Benchmark Goals [00:05:25]

• Range of Issue Types: Bugs range from obvious issues requiring low domain knowledge to those demanding senior-staff level understanding [00:05:28].
• Multi-Language: Includes Python, TypeScript, JavaScript, and Go, acknowledging differing LLM performance across languages [00:05:39].
• Objective Bugs: Focuses on explicit security or logical issues causing data loss or system crashes, avoiding ambiguous or harmless issues [00:06:05]. It explicitly excludes feature requests, optimizations, style, or design decisions [00:06:41].

Metadata and Classification [00:07:00]

Each bug is annotated with metadata, including:

• Severity and context [00:07:02]
• Required system-specific domain knowledge to find it [00:07:06]
• Difficulty of discovery even with knowledge [00:07:11]
• Implication of the bug (e.g., data loss, crash, security exploit) [00:07:18]

These classifications help understand what level of bugs AI agents can regularly find [00:07:25]. While AI can occasionally find complex exploits (e.g., a zero-day exploit by 03, which took 100 runs), the benchmark assesses everyday usage [00:07:32].

Evaluation Metrics [00:07:51]

The SM100 benchmark measures four key aspects:

1. Needle in a Haystack: Can the system discover bugs without prior knowledge [00:07:55]? This involves feeding LLMs a reduced list of files within relevant subsystems, avoiding bias while scoping the search [00:09:10].
2. False Positive Rate: Manual measurement of incorrect bug reports [00:08:14].
3. Time of Introduction Detection (PR Review): Can the system identify the bug when given the pull request or commit that introduced it [00:08:24]? This provides an optimistic scenario with immediate context [00:08:37].
4. Remediation Suggestion: For each discovered bug, can the agent suggest a fix that resolves the issue without breaking the rest of the codebase [00:08:51]?

AI Agent Performance Findings [00:11:20]

Basic implementations of AI agents, while trivial to set up, often result in high false positive rates (e.g., 97%) [00:10:37]. Building an effective agent for bug identification requires a combination of model, system, prompting, information feeding, and navigation strategy [00:11:10].

Benchmark Results [00:11:22]

• Needle in a Haystack: Bismouth led by finding 10 bugs, with the next best finding 7 [00:11:27].
• True Positive Rate (Detection): Codeex showed 45%, Bismouth 25%, and Claude Code 16% [00:11:46]. These solutions also generated significantly less “random nonsense” compared to others [00:11:57]. Some agents generated an astounding 70 reports for a single issue, making it impractical for human review [00:14:36].
• PR Review (Needle in a Haystack): Codeex was strong at 27%, followed by Devon at 21%, and Bismouth at 17% [00:12:23]. Even the best model only found about a third of the bugs in this context [00:12:44].

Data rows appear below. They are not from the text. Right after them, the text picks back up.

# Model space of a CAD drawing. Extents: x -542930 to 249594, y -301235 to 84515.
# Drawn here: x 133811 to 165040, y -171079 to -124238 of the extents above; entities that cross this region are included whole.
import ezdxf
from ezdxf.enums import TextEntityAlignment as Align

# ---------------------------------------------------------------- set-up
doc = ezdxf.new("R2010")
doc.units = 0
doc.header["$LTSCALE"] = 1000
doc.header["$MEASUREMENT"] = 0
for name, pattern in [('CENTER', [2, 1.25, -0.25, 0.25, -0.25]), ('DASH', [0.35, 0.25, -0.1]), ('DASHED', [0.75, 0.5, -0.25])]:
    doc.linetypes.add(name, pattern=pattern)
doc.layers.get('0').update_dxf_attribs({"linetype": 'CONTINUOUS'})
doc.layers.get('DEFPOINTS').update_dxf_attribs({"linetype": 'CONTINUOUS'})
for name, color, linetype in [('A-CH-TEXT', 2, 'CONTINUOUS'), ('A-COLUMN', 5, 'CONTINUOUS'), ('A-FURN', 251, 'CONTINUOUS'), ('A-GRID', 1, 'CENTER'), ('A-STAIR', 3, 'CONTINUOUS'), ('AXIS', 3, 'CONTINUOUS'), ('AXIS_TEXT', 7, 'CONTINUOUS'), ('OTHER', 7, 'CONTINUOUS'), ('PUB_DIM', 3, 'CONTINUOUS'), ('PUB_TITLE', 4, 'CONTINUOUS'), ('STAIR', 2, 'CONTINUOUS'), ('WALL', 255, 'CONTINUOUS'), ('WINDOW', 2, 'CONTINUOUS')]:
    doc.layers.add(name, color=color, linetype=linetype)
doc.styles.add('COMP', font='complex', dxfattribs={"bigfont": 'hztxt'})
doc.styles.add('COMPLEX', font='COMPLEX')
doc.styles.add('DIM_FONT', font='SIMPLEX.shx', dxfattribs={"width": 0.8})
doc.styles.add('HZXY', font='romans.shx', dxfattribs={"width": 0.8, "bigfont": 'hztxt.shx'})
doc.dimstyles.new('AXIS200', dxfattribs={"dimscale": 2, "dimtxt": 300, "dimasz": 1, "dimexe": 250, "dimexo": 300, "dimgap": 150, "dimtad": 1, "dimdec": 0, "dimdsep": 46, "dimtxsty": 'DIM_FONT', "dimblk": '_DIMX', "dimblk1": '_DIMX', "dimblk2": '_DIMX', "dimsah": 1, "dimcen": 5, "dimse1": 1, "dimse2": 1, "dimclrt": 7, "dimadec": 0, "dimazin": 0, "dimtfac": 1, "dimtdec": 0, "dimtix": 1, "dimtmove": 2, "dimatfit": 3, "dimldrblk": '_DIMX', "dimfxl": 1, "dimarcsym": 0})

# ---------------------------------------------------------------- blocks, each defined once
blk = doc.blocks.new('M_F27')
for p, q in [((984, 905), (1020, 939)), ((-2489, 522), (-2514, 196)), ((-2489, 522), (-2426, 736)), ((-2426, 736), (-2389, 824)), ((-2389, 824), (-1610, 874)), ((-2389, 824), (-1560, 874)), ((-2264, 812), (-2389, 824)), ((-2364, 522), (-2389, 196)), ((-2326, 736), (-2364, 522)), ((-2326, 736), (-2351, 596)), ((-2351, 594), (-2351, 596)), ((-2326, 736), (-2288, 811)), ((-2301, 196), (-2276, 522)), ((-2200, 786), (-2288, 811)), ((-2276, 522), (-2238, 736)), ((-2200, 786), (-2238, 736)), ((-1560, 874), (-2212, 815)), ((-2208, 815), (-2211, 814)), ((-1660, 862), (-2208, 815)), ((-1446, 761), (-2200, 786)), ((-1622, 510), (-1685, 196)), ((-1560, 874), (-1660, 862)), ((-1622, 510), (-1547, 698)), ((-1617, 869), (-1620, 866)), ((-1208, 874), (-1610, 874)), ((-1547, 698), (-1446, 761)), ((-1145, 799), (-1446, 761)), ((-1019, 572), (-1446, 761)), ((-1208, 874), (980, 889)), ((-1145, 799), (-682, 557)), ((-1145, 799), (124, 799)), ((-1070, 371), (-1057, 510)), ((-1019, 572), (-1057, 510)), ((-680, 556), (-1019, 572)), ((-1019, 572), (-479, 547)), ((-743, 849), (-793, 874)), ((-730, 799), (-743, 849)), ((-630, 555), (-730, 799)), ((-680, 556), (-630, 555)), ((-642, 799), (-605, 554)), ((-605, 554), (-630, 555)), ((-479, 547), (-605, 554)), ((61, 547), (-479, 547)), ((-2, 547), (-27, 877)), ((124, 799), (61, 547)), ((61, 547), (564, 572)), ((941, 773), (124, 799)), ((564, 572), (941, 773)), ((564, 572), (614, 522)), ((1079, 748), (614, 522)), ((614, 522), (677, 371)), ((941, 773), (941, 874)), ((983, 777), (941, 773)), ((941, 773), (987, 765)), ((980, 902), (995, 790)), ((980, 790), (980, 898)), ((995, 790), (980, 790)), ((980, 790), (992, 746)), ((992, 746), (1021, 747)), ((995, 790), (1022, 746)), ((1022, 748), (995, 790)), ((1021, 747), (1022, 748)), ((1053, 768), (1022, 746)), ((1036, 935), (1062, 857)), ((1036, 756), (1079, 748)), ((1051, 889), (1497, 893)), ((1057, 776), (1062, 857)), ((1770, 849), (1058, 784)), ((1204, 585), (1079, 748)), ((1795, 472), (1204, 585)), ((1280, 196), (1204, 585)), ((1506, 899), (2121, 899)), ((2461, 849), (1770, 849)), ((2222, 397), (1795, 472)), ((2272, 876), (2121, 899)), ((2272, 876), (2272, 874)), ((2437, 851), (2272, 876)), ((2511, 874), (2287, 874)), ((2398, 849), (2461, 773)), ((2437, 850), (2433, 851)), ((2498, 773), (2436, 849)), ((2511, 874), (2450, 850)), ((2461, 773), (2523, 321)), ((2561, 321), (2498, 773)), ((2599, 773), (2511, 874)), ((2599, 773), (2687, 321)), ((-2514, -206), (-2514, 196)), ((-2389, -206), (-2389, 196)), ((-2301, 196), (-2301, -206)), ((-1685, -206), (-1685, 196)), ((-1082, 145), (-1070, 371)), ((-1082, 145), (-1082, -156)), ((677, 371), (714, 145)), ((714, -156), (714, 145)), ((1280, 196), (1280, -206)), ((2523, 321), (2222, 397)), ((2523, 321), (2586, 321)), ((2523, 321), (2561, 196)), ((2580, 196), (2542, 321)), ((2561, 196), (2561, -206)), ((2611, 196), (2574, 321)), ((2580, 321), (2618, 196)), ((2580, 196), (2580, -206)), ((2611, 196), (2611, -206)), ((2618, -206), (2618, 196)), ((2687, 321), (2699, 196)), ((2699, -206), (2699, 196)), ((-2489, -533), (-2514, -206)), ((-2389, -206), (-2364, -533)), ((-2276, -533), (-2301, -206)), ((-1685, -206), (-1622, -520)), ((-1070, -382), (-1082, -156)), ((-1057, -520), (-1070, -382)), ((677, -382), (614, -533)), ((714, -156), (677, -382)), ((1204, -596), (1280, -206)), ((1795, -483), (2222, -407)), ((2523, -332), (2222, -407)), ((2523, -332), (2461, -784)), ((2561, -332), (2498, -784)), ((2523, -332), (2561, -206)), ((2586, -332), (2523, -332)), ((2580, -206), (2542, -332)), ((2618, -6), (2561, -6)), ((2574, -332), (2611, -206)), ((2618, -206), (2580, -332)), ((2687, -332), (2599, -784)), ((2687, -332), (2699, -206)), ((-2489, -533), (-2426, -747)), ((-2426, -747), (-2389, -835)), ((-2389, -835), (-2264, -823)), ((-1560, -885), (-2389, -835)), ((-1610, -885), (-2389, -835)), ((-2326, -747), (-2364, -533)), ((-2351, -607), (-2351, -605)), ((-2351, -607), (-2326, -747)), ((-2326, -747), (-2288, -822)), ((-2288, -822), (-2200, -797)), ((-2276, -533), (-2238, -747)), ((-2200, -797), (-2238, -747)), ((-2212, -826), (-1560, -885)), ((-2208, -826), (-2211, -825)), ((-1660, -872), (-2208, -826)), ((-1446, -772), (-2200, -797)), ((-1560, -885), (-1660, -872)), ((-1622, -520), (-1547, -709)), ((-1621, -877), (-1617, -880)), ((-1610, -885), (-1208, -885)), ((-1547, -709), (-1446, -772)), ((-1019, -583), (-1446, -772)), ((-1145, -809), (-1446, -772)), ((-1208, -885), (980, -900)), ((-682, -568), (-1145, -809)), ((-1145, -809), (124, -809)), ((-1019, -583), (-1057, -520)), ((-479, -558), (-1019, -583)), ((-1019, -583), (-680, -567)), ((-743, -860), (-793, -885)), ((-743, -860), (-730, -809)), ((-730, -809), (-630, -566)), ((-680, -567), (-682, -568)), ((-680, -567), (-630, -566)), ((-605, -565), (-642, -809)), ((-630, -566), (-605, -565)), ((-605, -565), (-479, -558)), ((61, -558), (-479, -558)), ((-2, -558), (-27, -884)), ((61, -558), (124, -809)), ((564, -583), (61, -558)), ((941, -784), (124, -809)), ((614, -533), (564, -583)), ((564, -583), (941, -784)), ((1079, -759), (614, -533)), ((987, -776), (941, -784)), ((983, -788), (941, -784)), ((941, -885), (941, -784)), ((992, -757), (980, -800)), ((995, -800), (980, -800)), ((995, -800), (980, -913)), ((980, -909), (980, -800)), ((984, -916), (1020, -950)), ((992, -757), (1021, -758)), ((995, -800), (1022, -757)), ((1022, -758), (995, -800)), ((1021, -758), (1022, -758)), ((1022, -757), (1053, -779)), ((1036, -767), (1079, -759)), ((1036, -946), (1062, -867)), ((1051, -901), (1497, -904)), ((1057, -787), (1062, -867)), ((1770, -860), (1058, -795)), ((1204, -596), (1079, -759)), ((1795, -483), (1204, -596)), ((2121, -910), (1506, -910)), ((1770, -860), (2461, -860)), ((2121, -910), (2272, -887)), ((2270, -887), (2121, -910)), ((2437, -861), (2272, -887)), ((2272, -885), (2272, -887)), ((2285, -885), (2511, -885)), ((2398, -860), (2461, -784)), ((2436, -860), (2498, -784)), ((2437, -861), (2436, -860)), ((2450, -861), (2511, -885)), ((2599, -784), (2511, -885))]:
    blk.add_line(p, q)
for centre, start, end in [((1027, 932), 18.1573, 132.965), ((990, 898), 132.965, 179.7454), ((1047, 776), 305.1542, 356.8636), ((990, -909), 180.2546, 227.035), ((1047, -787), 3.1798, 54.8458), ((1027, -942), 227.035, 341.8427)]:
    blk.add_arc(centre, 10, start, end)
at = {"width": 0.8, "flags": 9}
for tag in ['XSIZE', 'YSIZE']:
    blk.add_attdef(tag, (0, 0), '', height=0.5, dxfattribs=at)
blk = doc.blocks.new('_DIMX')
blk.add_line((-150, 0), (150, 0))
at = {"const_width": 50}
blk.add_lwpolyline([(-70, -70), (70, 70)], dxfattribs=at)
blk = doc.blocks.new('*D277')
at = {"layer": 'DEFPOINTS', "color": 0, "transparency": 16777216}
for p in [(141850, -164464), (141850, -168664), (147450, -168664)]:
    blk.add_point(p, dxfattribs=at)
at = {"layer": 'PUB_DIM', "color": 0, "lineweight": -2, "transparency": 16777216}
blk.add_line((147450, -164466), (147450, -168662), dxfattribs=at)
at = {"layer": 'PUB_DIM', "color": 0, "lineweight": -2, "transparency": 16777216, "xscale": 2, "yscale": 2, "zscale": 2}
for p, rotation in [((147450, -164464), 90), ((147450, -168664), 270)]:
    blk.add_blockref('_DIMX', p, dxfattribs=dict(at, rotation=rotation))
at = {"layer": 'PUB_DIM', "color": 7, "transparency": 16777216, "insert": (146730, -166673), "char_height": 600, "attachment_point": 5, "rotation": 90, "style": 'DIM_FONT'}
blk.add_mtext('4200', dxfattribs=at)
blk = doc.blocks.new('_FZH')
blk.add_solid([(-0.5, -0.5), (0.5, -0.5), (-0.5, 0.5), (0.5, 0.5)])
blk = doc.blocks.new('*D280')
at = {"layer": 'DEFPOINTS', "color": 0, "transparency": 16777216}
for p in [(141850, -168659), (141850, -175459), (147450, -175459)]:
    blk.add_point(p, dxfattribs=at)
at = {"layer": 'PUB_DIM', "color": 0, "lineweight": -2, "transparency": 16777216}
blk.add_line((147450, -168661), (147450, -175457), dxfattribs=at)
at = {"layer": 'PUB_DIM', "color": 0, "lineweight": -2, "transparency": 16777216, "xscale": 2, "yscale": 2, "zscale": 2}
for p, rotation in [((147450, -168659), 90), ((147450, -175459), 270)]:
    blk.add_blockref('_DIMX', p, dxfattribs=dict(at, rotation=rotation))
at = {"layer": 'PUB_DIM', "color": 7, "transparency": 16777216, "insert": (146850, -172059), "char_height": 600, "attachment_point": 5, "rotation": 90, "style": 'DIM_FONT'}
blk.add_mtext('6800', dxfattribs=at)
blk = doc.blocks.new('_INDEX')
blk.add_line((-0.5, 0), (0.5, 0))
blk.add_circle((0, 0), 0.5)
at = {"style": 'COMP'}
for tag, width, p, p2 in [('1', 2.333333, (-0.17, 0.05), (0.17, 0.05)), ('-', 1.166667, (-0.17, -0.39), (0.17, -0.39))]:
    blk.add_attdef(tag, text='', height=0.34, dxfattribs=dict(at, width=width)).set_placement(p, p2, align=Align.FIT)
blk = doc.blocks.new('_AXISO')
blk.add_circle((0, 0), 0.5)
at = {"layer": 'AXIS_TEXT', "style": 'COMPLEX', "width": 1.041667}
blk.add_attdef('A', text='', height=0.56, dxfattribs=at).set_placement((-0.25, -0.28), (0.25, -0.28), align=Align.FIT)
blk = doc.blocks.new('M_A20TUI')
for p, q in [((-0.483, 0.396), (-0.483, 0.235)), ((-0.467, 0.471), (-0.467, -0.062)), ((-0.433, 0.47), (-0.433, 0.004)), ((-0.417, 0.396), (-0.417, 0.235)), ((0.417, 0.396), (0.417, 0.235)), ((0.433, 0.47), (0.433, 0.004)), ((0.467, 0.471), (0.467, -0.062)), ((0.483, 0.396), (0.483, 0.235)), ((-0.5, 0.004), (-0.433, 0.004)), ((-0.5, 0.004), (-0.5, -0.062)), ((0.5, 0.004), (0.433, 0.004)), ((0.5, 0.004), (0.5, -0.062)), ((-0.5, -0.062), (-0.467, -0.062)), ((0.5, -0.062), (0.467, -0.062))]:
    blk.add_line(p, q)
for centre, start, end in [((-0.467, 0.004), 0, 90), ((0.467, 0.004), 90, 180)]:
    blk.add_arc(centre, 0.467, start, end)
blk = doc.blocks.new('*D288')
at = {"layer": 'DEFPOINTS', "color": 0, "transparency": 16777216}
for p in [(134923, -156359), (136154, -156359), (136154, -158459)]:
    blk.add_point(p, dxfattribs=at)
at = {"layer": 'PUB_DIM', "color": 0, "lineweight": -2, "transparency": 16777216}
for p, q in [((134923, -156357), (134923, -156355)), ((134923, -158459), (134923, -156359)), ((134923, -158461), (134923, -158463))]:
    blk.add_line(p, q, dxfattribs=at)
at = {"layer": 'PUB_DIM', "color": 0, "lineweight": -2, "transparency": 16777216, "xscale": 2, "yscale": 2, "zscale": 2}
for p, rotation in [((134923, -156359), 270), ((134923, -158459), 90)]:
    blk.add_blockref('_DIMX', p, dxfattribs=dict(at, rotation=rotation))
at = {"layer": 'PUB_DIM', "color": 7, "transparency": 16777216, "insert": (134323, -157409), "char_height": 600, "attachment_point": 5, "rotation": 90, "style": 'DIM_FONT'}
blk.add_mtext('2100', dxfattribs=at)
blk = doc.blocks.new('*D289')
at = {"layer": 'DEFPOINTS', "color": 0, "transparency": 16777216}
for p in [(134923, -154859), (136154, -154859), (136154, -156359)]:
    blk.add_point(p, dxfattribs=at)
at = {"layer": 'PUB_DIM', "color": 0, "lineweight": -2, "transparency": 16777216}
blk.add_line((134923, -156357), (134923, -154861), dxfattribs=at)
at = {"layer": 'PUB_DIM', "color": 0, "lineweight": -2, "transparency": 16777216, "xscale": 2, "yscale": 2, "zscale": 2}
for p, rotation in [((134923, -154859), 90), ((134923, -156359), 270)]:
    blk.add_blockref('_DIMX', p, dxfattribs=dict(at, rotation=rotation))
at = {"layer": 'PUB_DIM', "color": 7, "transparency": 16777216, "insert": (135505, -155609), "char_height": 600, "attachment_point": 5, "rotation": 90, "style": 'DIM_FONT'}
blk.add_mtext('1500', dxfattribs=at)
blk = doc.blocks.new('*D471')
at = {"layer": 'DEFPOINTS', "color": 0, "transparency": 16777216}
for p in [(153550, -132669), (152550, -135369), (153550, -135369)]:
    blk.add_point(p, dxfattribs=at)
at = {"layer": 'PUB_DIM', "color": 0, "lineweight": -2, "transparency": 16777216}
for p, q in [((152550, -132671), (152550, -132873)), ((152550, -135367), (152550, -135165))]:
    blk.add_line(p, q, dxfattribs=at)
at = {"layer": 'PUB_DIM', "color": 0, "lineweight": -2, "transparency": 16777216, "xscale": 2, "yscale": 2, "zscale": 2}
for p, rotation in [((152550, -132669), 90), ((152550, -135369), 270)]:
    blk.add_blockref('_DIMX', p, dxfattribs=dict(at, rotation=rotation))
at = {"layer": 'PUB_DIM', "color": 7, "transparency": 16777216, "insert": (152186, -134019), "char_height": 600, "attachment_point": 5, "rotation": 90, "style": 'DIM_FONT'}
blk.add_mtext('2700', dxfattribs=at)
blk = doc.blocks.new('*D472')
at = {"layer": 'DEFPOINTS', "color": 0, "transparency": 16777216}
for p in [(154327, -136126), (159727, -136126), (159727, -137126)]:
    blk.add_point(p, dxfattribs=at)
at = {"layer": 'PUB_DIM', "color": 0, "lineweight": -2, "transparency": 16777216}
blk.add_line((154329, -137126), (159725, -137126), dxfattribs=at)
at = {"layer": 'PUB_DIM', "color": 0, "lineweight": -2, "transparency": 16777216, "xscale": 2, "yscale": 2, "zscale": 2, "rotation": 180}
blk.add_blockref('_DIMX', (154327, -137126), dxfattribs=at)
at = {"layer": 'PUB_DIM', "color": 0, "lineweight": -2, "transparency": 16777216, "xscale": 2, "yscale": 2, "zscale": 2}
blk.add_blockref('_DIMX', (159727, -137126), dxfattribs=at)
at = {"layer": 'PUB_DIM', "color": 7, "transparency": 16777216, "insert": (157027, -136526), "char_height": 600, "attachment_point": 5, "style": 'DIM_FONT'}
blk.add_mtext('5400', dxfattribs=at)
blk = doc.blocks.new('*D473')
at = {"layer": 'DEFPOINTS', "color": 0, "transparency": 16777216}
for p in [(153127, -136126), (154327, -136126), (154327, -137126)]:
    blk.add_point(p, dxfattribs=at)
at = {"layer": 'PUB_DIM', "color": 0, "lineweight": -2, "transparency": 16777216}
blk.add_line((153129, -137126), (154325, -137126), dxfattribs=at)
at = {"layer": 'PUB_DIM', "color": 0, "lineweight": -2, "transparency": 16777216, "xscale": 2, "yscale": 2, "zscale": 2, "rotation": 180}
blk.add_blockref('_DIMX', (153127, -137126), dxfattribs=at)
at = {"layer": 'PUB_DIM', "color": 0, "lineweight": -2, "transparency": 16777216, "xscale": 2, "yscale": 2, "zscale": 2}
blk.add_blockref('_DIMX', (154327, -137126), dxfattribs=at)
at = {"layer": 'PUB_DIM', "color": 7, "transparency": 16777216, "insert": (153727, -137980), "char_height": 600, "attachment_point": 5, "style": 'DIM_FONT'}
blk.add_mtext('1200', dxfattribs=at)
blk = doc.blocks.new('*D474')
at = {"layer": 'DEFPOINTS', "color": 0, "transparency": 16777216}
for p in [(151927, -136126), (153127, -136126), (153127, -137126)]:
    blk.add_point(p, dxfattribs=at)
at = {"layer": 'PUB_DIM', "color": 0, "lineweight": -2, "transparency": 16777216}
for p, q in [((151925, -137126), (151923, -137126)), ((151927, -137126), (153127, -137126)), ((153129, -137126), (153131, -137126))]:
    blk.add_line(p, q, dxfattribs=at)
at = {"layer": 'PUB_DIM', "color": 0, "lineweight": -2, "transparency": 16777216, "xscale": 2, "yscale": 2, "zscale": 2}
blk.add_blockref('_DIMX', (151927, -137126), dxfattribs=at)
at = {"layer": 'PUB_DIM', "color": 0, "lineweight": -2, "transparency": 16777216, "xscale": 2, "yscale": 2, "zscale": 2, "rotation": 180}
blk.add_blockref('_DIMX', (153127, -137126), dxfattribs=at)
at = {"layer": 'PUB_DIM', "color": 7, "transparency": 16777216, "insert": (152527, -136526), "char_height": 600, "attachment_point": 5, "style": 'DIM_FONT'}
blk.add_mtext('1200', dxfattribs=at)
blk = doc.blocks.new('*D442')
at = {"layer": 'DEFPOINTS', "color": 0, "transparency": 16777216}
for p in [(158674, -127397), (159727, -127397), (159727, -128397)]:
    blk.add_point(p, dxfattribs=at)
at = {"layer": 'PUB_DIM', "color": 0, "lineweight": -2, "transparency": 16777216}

Challenges for Current Agents [00:13:59]

• High False Positive Rates: Many popular agents scored 7% or less true positives on SM100 [00:14:00], indicating they are currently ill-equipped for complex bug finding and fixing [00:14:09].
• Narrow and Shallow Thinking: Agents, even with thinking models, evaluate a narrow range of options and do not go deep enough into selected reasoning chains [00:15:40].
• Lack of Holistic Evaluation: The total number of bugs found per run remains consistent, but the specific bugs found change, suggesting LLMs do not holistically inventory issues within a file [00:16:10].

Conclusion and Future Directions [00:16:42]

Despite decent scores on feature creation benchmarks, existing AI agents significantly struggle with software maintenance tasks like finding and fixing bugs [00:16:50].

“Existing agents are able to create software upfront, but to manage and fix software after it’s been deployed will be a major struggle as far as we see it.” [00:16:55]

Overcoming these challenges requires:

• Targeted search [00:17:09]
• Better program comprehension [00:17:13]
• Cross-file reasoning [00:17:13]
• Improved bug pattern recognition [00:17:15]

While the most frequently used agents today risk introducing new bugs [00:17:44], newer agents, including Bismouth, are showing an increased ability to reason through code and effectively use context for evaluation [00:17:50]. This emerging stability is encouraging, and with continued effort and new techniques, significant improvements in AI for software maintenance are anticipated, benefiting the entire industry [00:18:11].